# Looking for Switzerland Paph & Phrag Growers



## Tazman (Jan 24, 2009)

Gute Morge,

Question! My name is Tony whitaker, former owner of Kingswood Orchids. I once had a greenhouse and several awarded Paphs and Phrags which are now gone since i have moved to Basel, Switzerland. I am now looking for a grower in the northern Switzerland or southern Germany area.

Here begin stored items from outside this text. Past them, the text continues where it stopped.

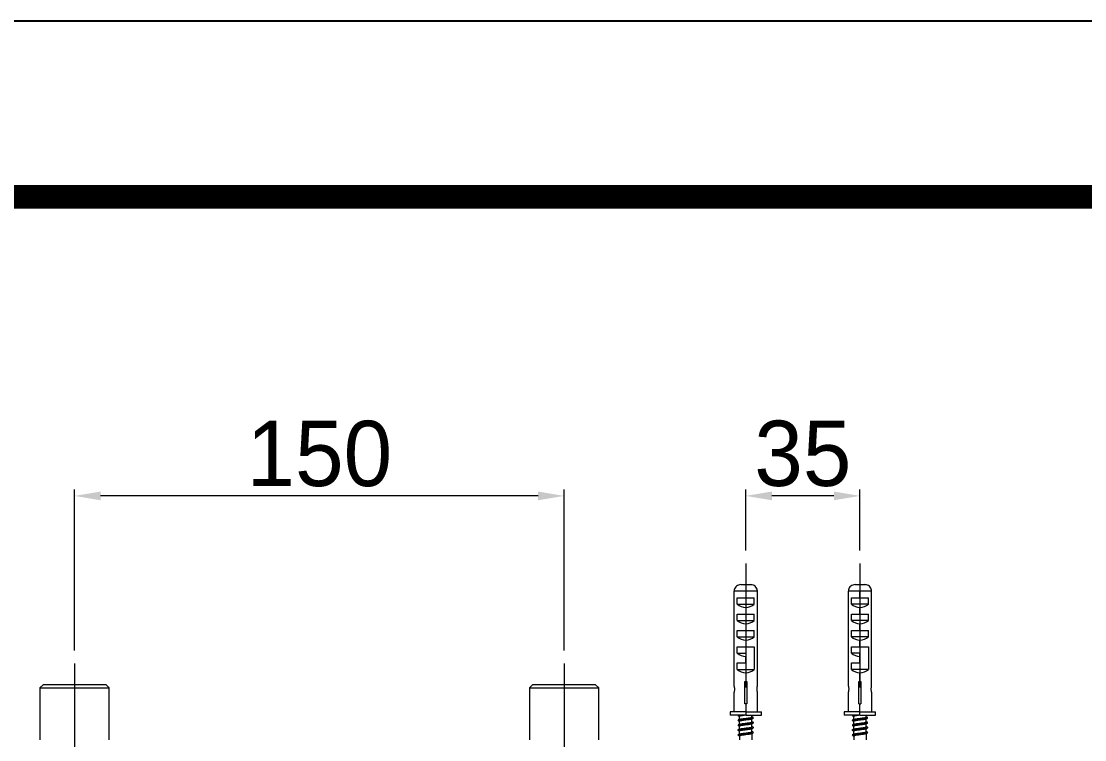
# Model space of a CAD drawing. Extents: x 0 to 3160, y 0 to 2315.
# Drawn here: x 906.4 to 1232.2, y 2095 to 2315 of the extents above; entities that cross this region are included whole.
import ezdxf

# ---------------------------------------------------------------- set-up
doc = ezdxf.new("R2010")
doc.units = 0
doc.header["$LTSCALE"] = 10
doc.header["$MEASUREMENT"] = 0
doc.header["$PDMODE"] = 3
doc.header["$PDSIZE"] = -10
doc.linetypes.add('CENTER2', pattern=[28.575, 19.05, -3.175, 3.175, -3.175])
doc.layers.get('0').update_dxf_attribs({"linetype": 'CONTINUOUS'})
doc.layers.get('DEFPOINTS').update_dxf_attribs({"linetype": 'CONTINUOUS'})
doc.layers.add('1', color=7, linetype='CONTINUOUS', true_color=0xffffff)
doc.layers.add('Cneter', color=1, linetype='CENTER2', lineweight=13)
doc.styles.add('Daelim Dimension', font='')
doc.styles.get('Daelim Dimension').set_extended_font_data('나눔고딕')
doc.dimstyles.new('DEFAULT', dxfattribs={"dimscale": 2, "dimtxt": 2, "dimasz": 2, "dimexe": 0, "dimexo": 2, "dimgap": 1, "dimtad": 1, "dimdec": 1, "dimzin": 9, "dimdsep": 46, "dimtxsty": 'Daelim Dimension', "dimcen": 0.5, "dimclrd": 252, "dimclre": 252, "dimclrt": 3, "dimadec": 1, "dimazin": 0, "dimtfac": 1, "dimtdec": 1, "dimtix": 1, "dimtmove": 0, "dimatfit": 3, "dimfxl": 1, "dimtolj": 1, "dimtzin": 1, "dimlwd": 9, "dimlwe": 9, "dimarcsym": 0})

# ---------------------------------------------------------------- blocks, each defined once
blk = doc.blocks.new('*D9')
at = {"color": 5, "lineweight": 9, "ltscale": 0.5, "transparency": 16777216}
for p, q in [((1128.33, 2153.02), (1128.33, 2171.69)), ((1163.33, 2153.02), (1163.33, 2171.69)), ((1155.33, 2169.69), (1136.33, 2169.69))]:
    blk.add_line(p, q, dxfattribs=at)
at = {"color": 5, "ltscale": 0.5, "transparency": 16777216}
for points in [[(1136.33, 2171.03), (1136.33, 2168.36), (1128.33, 2169.69)], [(1155.33, 2171.03), (1155.33, 2168.36), (1163.33, 2169.69)]]:
    blk.add_solid(points, dxfattribs=at)
at = {"layer": 'DEFPOINTS', "color": 0, "ltscale": 0.5, "transparency": 16777216}
for p in [(1128.33, 2169.69), (1128.33, 2149.02), (1163.33, 2149.02)]:
    blk.add_point(p, dxfattribs=at)
at = {"color": 7, "ltscale": 0.5, "transparency": 16777216, "insert": (1145.83, 2182.59), "char_height": 20, "attachment_point": 5, "style": 'Daelim Dimension'}
blk.add_mtext('\\A1;35', dxfattribs=at)
blk = doc.blocks.new('*D10')
at = {"color": 5, "lineweight": 9, "ltscale": 0.5, "transparency": 16777216}
for p, q in [((922.71, 2122.38), (922.71, 2171.69)), ((1072.71, 2122.38), (1072.71, 2171.69)), ((1064.71, 2169.69), (930.71, 2169.69))]:
    blk.add_line(p, q, dxfattribs=at)
at = {"color": 5, "ltscale": 0.5, "transparency": 16777216}
for points in [[(930.71, 2171.03), (930.71, 2168.36), (922.71, 2169.69)], [(1064.71, 2171.03), (1064.71, 2168.36), (1072.71, 2169.69)]]:
    blk.add_solid(points, dxfattribs=at)
at = {"layer": 'DEFPOINTS', "color": 0, "ltscale": 0.5, "transparency": 16777216}
for p in [(922.71, 2169.69), (922.71, 2118.38), (1072.71, 2118.38)]:
    blk.add_point(p, dxfattribs=at)
at = {"color": 7, "ltscale": 0.5, "transparency": 16777216, "insert": (997.71, 2182.55), "char_height": 20, "attachment_point": 5, "style": 'Daelim Dimension'}
blk.add_mtext('\\A1;150', dxfattribs=at)

msp = doc.modelspace()

# ---------------------------------------------------------------- linework, layer by layer
at = {"ltscale": 0.5}
msp.add_lwpolyline([(0, 0), (3159.52, 0), (3159.52, 2315.04), (0, 2315.04)], close=True, dxfattribs=at)
at = {"color": 5, "linetype": 'ByBlock', "lineweight": 200, "const_width": 7.28}
msp.add_lwpolyline([(50.81, 99.13), (3108.41, 99.13), (3108.41, 2261.29), (50.81, 2261.29)], close=True, dxfattribs=at)
at = {"layer": '1', "color": 7, "linetype": 'Continuous', "lineweight": 13}
for p, q in [((1128.33, 2140.52), (1124.77, 2140.52)), ((1131.9, 2140.52), (1128.33, 2140.52)), ((1128.33, 2140.52), (1128.33, 2138.52)), ((1163.33, 2140.52), (1159.77, 2140.52)), ((1166.9, 2140.52), (1163.33, 2140.52)), ((1163.33, 2138.52), (1163.33, 2140.52)), ((1128.33, 2135.52), (1128.33, 2133.52)), ((1163.33, 2133.52), (1163.33, 2135.52)), ((1128.33, 2130.52), (1128.33, 2128.52)), ((1163.33, 2128.52), (1163.33, 2130.52)), ((1128.33, 2125.52), (1128.33, 2123.52)), ((1163.33, 2123.52), (1163.33, 2125.52)), ((1128.33, 2115.52), (1128.33, 2112.83)), ((1163.33, 2112.83), (1163.33, 2115.52)), ((1128.33, 2106.02), (1128.33, 2103.52)), ((1163.33, 2103.52), (1163.33, 2106.02)), ((1128.33, 2103.52), (1128.33, 2102.52)), ((1163.33, 2102.52), (1163.33, 2103.52))]:
    msp.add_line(p, q, dxfattribs=at)
at = {"layer": '1', "color": 7, "linetype": 'Continuous', "lineweight": 18}
for p, q in [((1124.77, 2111.39), (1124.77, 2140.52)), ((1126.81, 2142.52), (1129.85, 2142.52)), ((1131.9, 2111.39), (1131.9, 2140.52)), ((1159.77, 2111.39), (1159.77, 2140.52)), ((1161.81, 2142.52), (1164.85, 2142.52)), ((1166.9, 2111.39), (1166.9, 2140.52)), ((1125.74, 2138.52), (1128.33, 2138.52)), ((1125.74, 2136.52), (1125.74, 2138.52)), ((1128.33, 2138.52), (1130.92, 2138.52)), ((1130.92, 2136.52), (1130.92, 2138.52)), ((1160.74, 2138.52), (1163.33, 2138.52)), ((1160.74, 2136.52), (1160.74, 2138.52)), ((1163.33, 2138.52), (1165.92, 2138.52)), ((1165.92, 2136.52), (1165.92, 2138.52)), ((1125.74, 2136.52), (1130.92, 2136.52)), ((1165.92, 2136.52), (1160.74, 2136.52)), ((1125.74, 2133.52), (1128.33, 2133.52)), ((1125.74, 2131.52), (1125.74, 2133.52)), ((1125.74, 2131.52), (1130.92, 2131.52)), ((1128.33, 2133.52), (1130.92, 2133.52)), ((1130.92, 2131.52), (1130.92, 2133.52)), ((1160.74, 2133.52), (1163.33, 2133.52)), ((1160.74, 2131.52), (1160.74, 2133.52)), ((1165.92, 2131.52), (1160.74, 2131.52)), ((1163.33, 2133.52), (1165.92, 2133.52)), ((1165.92, 2131.52), (1165.92, 2133.52)), ((1125.74, 2128.52), (1128.33, 2128.52)), ((1125.74, 2126.52), (1125.74, 2128.52)), ((1128.33, 2128.52), (1130.92, 2128.52)), ((1130.92, 2126.52), (1130.92, 2128.52)), ((1160.74, 2128.52), (1163.33, 2128.52)), ((1160.74, 2126.52), (1160.74, 2128.52)), ((1163.33, 2128.52), (1165.92, 2128.52)), ((1165.92, 2126.52), (1165.92, 2128.52)), ((1125.74, 2126.52), (1130.92, 2126.52)), ((1165.92, 2126.52), (1160.74, 2126.52)), ((1125.74, 2123.52), (1128.33, 2123.52)), ((1125.74, 2121.52), (1125.74, 2123.52)), ((1125.74, 2121.52), (1128.33, 2121.52)), ((1128.33, 2123.52), (1130.92, 2123.52)), ((1128.33, 2121.52), (1128.33, 2120.52)), ((1130.92, 2123.52), (1130.92, 2116.52)), ((1160.74, 2123.52), (1163.33, 2123.52)), ((1160.74, 2121.52), (1160.74, 2123.52)), ((1163.33, 2121.52), (1160.74, 2121.52)), ((1163.33, 2123.52), (1165.92, 2123.52)), ((1163.33, 2120.52), (1163.33, 2121.52)), ((1165.92, 2123.52), (1165.92, 2116.52)), ((1125.74, 2118.52), (1128.33, 2118.52)), ((1125.74, 2116.52), (1125.74, 2118.52)), ((1128.33, 2118.52), (1128.33, 2120.52)), ((1160.74, 2118.52), (1163.33, 2118.52)), ((1160.74, 2116.52), (1160.74, 2118.52)), ((1163.33, 2118.52), (1163.33, 2120.52)), ((1125.74, 2116.52), (1130.92, 2116.52)), ((1165.92, 2116.52), (1160.74, 2116.52)), ((913.06, 2111.88), (912.06, 2110.88)), ((932.36, 2111.88), (913.06, 2111.88)), ((933.36, 2110.88), (932.36, 2111.88)), ((1063.06, 2111.88), (1062.06, 2110.88)), ((1082.36, 2111.88), (1063.06, 2111.88)), ((1083.36, 2110.88), (1082.36, 2111.88)), ((1128.03, 2106.02), (1128.03, 2112.9)), ((1128.63, 2112.9), (1128.63, 2106.02)), ((1163.03, 2106.02), (1163.03, 2112.9)), ((1163.63, 2112.9), (1163.63, 2106.02)), ((912.06, 2110.88), (912.06, 2095.02)), ((912.06, 2110.88), (922.71, 2110.88)), ((922.71, 2110.88), (933.36, 2110.88)), ((933.36, 2095.02), (933.36, 2110.88)), ((1062.06, 2110.88), (1062.06, 2095.02)), ((1062.06, 2110.88), (1072.71, 2110.88)), ((1072.71, 2110.88), (1083.36, 2110.88)), ((1083.36, 2095.02), (1083.36, 2110.88)), ((1124.73, 2109.53), (1124.73, 2103.52)), ((1131.93, 2103.52), (1131.93, 2109.53)), ((1159.73, 2109.53), (1159.73, 2103.52)), ((1166.93, 2103.52), (1166.93, 2109.53)), ((1128.63, 2106.02), (1128.03, 2106.02)), ((1163.03, 2106.02), (1163.63, 2106.02)), ((1123.53, 2103.52), (1123.53, 2102.52)), ((1128.33, 2103.52), (1123.53, 2103.52)), ((1128.33, 2102.52), (1123.53, 2102.52)), ((1126.45, 2101.25), (1126.45, 2102.16)), ((1128.33, 2103.52), (1133.13, 2103.52)), ((1128.33, 2102.52), (1133.13, 2102.52)), ((1130.22, 2101.96), (1130.22, 2102.52)), ((1130.22, 2100.46), (1130.22, 2101.41)), ((1133.13, 2102.52), (1133.13, 2103.52)), ((1158.53, 2103.52), (1158.53, 2102.52)), ((1163.33, 2103.52), (1158.53, 2103.52)), ((1163.33, 2102.52), (1158.53, 2102.52)), ((1161.45, 2101.25), (1161.45, 2102.16)), ((1163.33, 2103.52), (1168.13, 2103.52)), ((1163.33, 2102.52), (1168.13, 2102.52)), ((1165.22, 2101.96), (1165.22, 2102.52)), ((1165.22, 2100.46), (1165.22, 2101.41)), ((1168.13, 2102.52), (1168.13, 2103.52)), ((1126.45, 2099.75), (1126.45, 2100.66)), ((1126.45, 2098.25), (1126.45, 2099.16)), ((1130.22, 2098.96), (1130.22, 2099.91)), ((1130.22, 2097.46), (1130.22, 2098.41)), ((1161.45, 2099.75), (1161.45, 2100.66)), ((1161.45, 2098.25), (1161.45, 2099.16)), ((1165.22, 2098.96), (1165.22, 2099.91)), ((1165.22, 2097.46), (1165.22, 2098.41)), ((1126.45, 2096.74), (1126.45, 2097.66)), ((1126.45, 2096.16), (1126.45, 2095.02)), ((1130.22, 2096.91), (1130.22, 2095.02)), ((1161.45, 2096.74), (1161.45, 2097.66)), ((1161.45, 2096.16), (1161.45, 2095.02)), ((1165.22, 2096.91), (1165.22, 2095.02))]:
    msp.add_line(p, q, dxfattribs=at)
for centre, major_axis, start_param, end_param in [((1128.33, 2138.8), (3.6, 0), 3.90924, 4.712389), ((1128.33, 2138.8), (-3.6, 0), 1.570796, 2.373945), ((1163.33, 2138.8), (3.6, 0), 3.90924, 4.712389), ((1163.33, 2138.8), (-3.6, 0), 1.570796, 2.373945), ((1128.33, 2133.8), (-3.6, 0), 0.767648, 1.570796), ((1128.33, 2133.8), (3.6, 0), 4.712389, 5.515538), ((1163.33, 2133.8), (-3.6, 0), 0.767648, 1.570796), ((1163.33, 2133.8), (3.6, 0), 4.712389, 5.515538), ((1128.33, 2128.8), (3.6, 0), 3.90924, 4.712389), ((1128.33, 2128.8), (-3.6, 0), 1.570796, 2.373945), ((1163.33, 2128.8), (3.6, 0), 3.90924, 4.712389), ((1163.33, 2128.8), (-3.6, 0), 1.570796, 2.373945), ((1128.33, 2123.8), (-3.6, 0), 0.767648, 1.570796), ((1163.33, 2123.8), (3.6, 0), 3.90924, 4.712389), ((1128.33, 2118.8), (-3.6, 0), 0.767648, 1.570796), ((1128.33, 2118.8), (-3.6, 0), 1.570796, 2.373945), ((1163.33, 2118.8), (3.6, 0), 3.90924, 4.712389), ((1163.33, 2118.8), (-3.6, 0), 1.570796, 2.373945)]:
    msp.add_ellipse(centre, major_axis=major_axis, ratio=0.909091, start_param=start_param, end_param=end_param, dxfattribs=at)
for points, knots in [([(1126.81, 2142.52), (1126.58, 2142.52), (1126.34, 2142.48), (1125.9, 2142.33), (1125.69, 2142.21), (1125.33, 2141.92), (1125.17, 2141.75), (1124.94, 2141.36), (1124.86, 2141.15), (1124.78, 2140.8), (1124.77, 2140.66), (1124.77, 2140.52)], [0, 0, 0, 0, 0.222179, 0.222179, 0.444896, 0.444896, 0.660359, 0.660359, 0.872339, 0.872339, 1, 1, 1, 1]), ([(1131.9, 2140.52), (1131.9, 2140.75), (1131.86, 2140.97), (1131.71, 2141.39), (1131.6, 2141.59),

The only things I can find are these crappy looking Maudiaes in the flower shops and local grocers.

I appreciate any help.

Good luck to all you beginner growers of this wonderful genus.


----------



## NYEric (Jan 24, 2009)

Welcome from NYC!


----------



## Kavanaru (Jan 24, 2009)

Hi Tony,

here around you have:

http://www.swissorchid.com/ & http://www.neeri-orchids.ch/

also http://www.orchideenshop.ch/ <-- They have a lot more plants than in the website. and a lot of very interesting ones too  They will be the first two weeks of February attending the Orchids Show in Basel.


----------



## biothanasis (Jan 24, 2009)

Welcome Tony!!!!!! I hope you find what you want...


----------



## goldenrose (Jan 24, 2009)

Welcome Tony! Good luck! What would some of us do if we didn't have so many choices?!


----------



## SlipperFan (Jan 24, 2009)

Welcome to Slippertalk! Looks like you are going to try to rebuild your collection.


----------